Jeudi, quelques jours après avoir accueilli en grandes pompes, et complaisamment, Nicolas Sarkozy au journal de 20 heures, France 2 a accordé à Alain Juppé plus de deux heures d'émission dans une nouvelle édition de Des Paroles et Des Actes. Une émission extrêmement révélatrice.
Deux débats sans intérêts
L'échange avec la députée du FN n'était pas plus productif, même si, étonnament, il a été bien plus posé et calme que le précédent. En 20 minutes, Marion Maréchal Le Pen a été incapable de parler d'autre chose que d'immigration. Et si elle a pris un ton très mesuré, on voyait tout de même des différences. Mais ne parler que de ce sujet alors qu'il y en a tant d'autres (monnaie unique, protectionnisme, finance, monétisation de la dette publique, services publics, éducation, sécurité, questions éthiques, science...) donne une image mono-maniaque et extrêmement limitée du FN,
qui n'apparait pas, heureusement, comme une alternative crédible aux deux partis qui se succèdent au pouvoir depuis des décennies. En outre, elle est très souvent restée à la surface des choses, sans rentrer dans le fond des sujets.

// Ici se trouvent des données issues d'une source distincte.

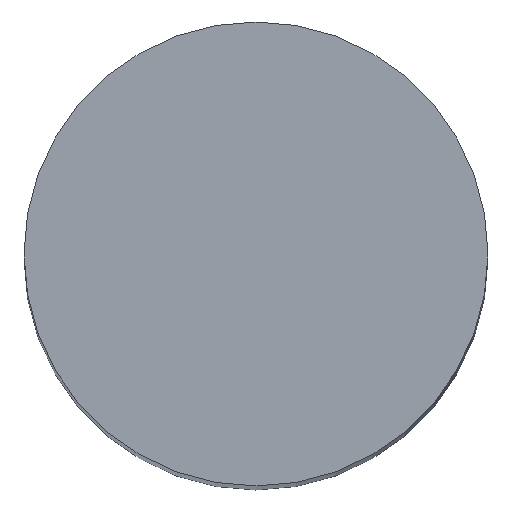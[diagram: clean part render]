
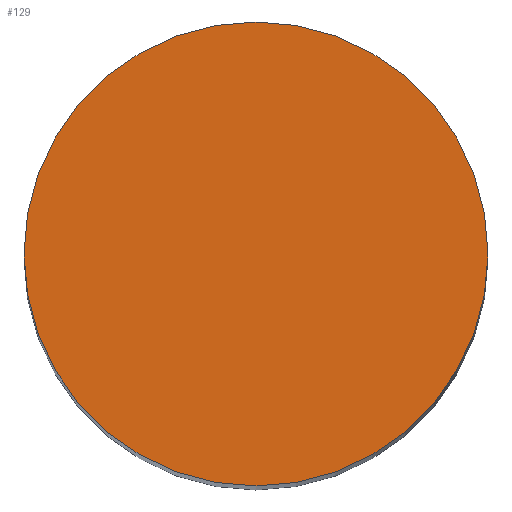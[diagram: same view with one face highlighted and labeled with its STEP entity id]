
A CAD part, top view. The second image highlights one B-rep face of the part: STEP entity #129.
In plain terms, the highlighted planar face has unit normal (0, 0, 1).
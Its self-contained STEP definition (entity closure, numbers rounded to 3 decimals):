
#8 = DIRECTION ( 'NONE',  ( 1., 0., 0. ) ) ;
#10 = EDGE_LOOP ( 'NONE', ( #128, #125 ) ) ;
#16 = PLANE ( 'NONE',  #63 ) ;
#26 = DIRECTION ( 'NONE',  ( 0., 0., 1. ) ) ;
#31 = CIRCLE ( 'NONE', #107, 2.5 ) ;
#32 = VERTEX_POINT ( 'NONE', #52 ) ;
#33 = FACE_OUTER_BOUND ( 'NONE', #10, .T. ) ;
#34 = CIRCLE ( 'NONE', #114, 2.5 ) ;
#37 = DIRECTION ( 'NONE',  ( 0., 0., 1. ) ) ;
#52 = CARTESIAN_POINT ( 'NONE',  ( 2.5, 0., 12.5 ) ) ;
#54 = DIRECTION ( 'NONE',  ( 0., 0., 1. ) ) ;
#63 = AXIS2_PLACEMENT_3D ( 'NONE', #92, #26, #110 ) ;
#67 = VERTEX_POINT ( 'NONE', #138 ) ;
#86 = EDGE_CURVE ( 'NONE', #32, #67, #31, .T. ) ;
#92 = CARTESIAN_POINT ( 'NONE',  ( 0., 0., 12.5 ) ) ;
#105 = CARTESIAN_POINT ( 'NONE',  ( 0., 0., 12.5 ) ) ;
#107 = AXIS2_PLACEMENT_3D ( 'NONE', #133, #54, #137 ) ;
#109 = EDGE_CURVE ( 'NONE', #67, #32, #34, .T. ) ;
#110 = DIRECTION ( 'NONE',  ( 1., 0., 0. ) ) ;
#114 = AXIS2_PLACEMENT_3D ( 'NONE', #105, #37, #8 ) ;
#125 = ORIENTED_EDGE ( 'NONE', *, *, #86, .T. ) ;
#128 = ORIENTED_EDGE ( 'NONE', *, *, #109, .T. ) ;
#129 = ADVANCED_FACE ( 'NONE', ( #33 ), #16, .T. ) ;
#133 = CARTESIAN_POINT ( 'NONE',  ( 0., 0., 12.5 ) ) ;
#137 = DIRECTION ( 'NONE',  ( 1., 0., 0. ) ) ;
#138 = CARTESIAN_POINT ( 'NONE',  ( -2.5, 0., 12.5 ) ) ;

Une triple impasse pour le pays
Du coup, cette émission laisse un goût amer. On a eu droit à un FN, qui, à défaut d'être aggressif, était bien superficiel et léger. Le socialiste, incapable de défendre sa politique, se contentait d'éléments de langage dignes d'un communicant pas très bien inspiré, et adepte du plus c'est gros, plus cela passe. Au final, le spectacle était tellement désolant qu'Alain Juppé en sortait grandi, apparaissant comme plus professionnel et finalement assez modéré, face à des adversaires un ton en-dessous. Mais par-delà son apparence de premier de la classe qui aurait bien vieilli, perdu la dureté des tanins de sa jeunesse et gagné en rondeur, comme un bon Bordeaux, qu'il représenterait bien, le discours d'Alain Juppé, malgré son professionnalisme apparent, est d'une pauvreté intellectuelle absolument affligeante.
Nous avons eu droit à
tous les poncifs de la pensée économique actuelle, entre une dépense publique trop élevée de 7% du PIB, soit 140 milliards (
sachant que l'on compare des choux et des carottes), une dette trop lourde (
on se demande pourquoi la France emprunte à 1,25% sur 10 ans), «
la croissance, c’est d’abord la compétitivité des entreprises » (
jusqu'où faudrait-il baisser le prix du travail pour être aussi compétitif que les Roumains, les Marocains, les Indiens ?). Alain Juppé se fait le représentant irréfléchi des idées néolibérales d'il y a 100 ans ou des années 1980,
alors que même le FMI a mis de l'eau dans son vin austéritaire, et que
l'explosion des inégalités ou l'instabilité économiques poussent de nombreux économistes à reconsidérer leurs positions. Pour éviter tout débat, il dit que «
la seule chose qui marche, c’est l’économie de marché (…) je suis libéral », comme s’il n’y avait pas une infinité de variantes…
Bref, Alain Juppé est bien le représentant de cette classe politique dans sa bulle, paresseuse et conformiste. C’est lui qui est fermé, à toute remise en question d’une pensée fossilisée malgré les ravages qui sont faits en son nom en Grèce ou ailleurs.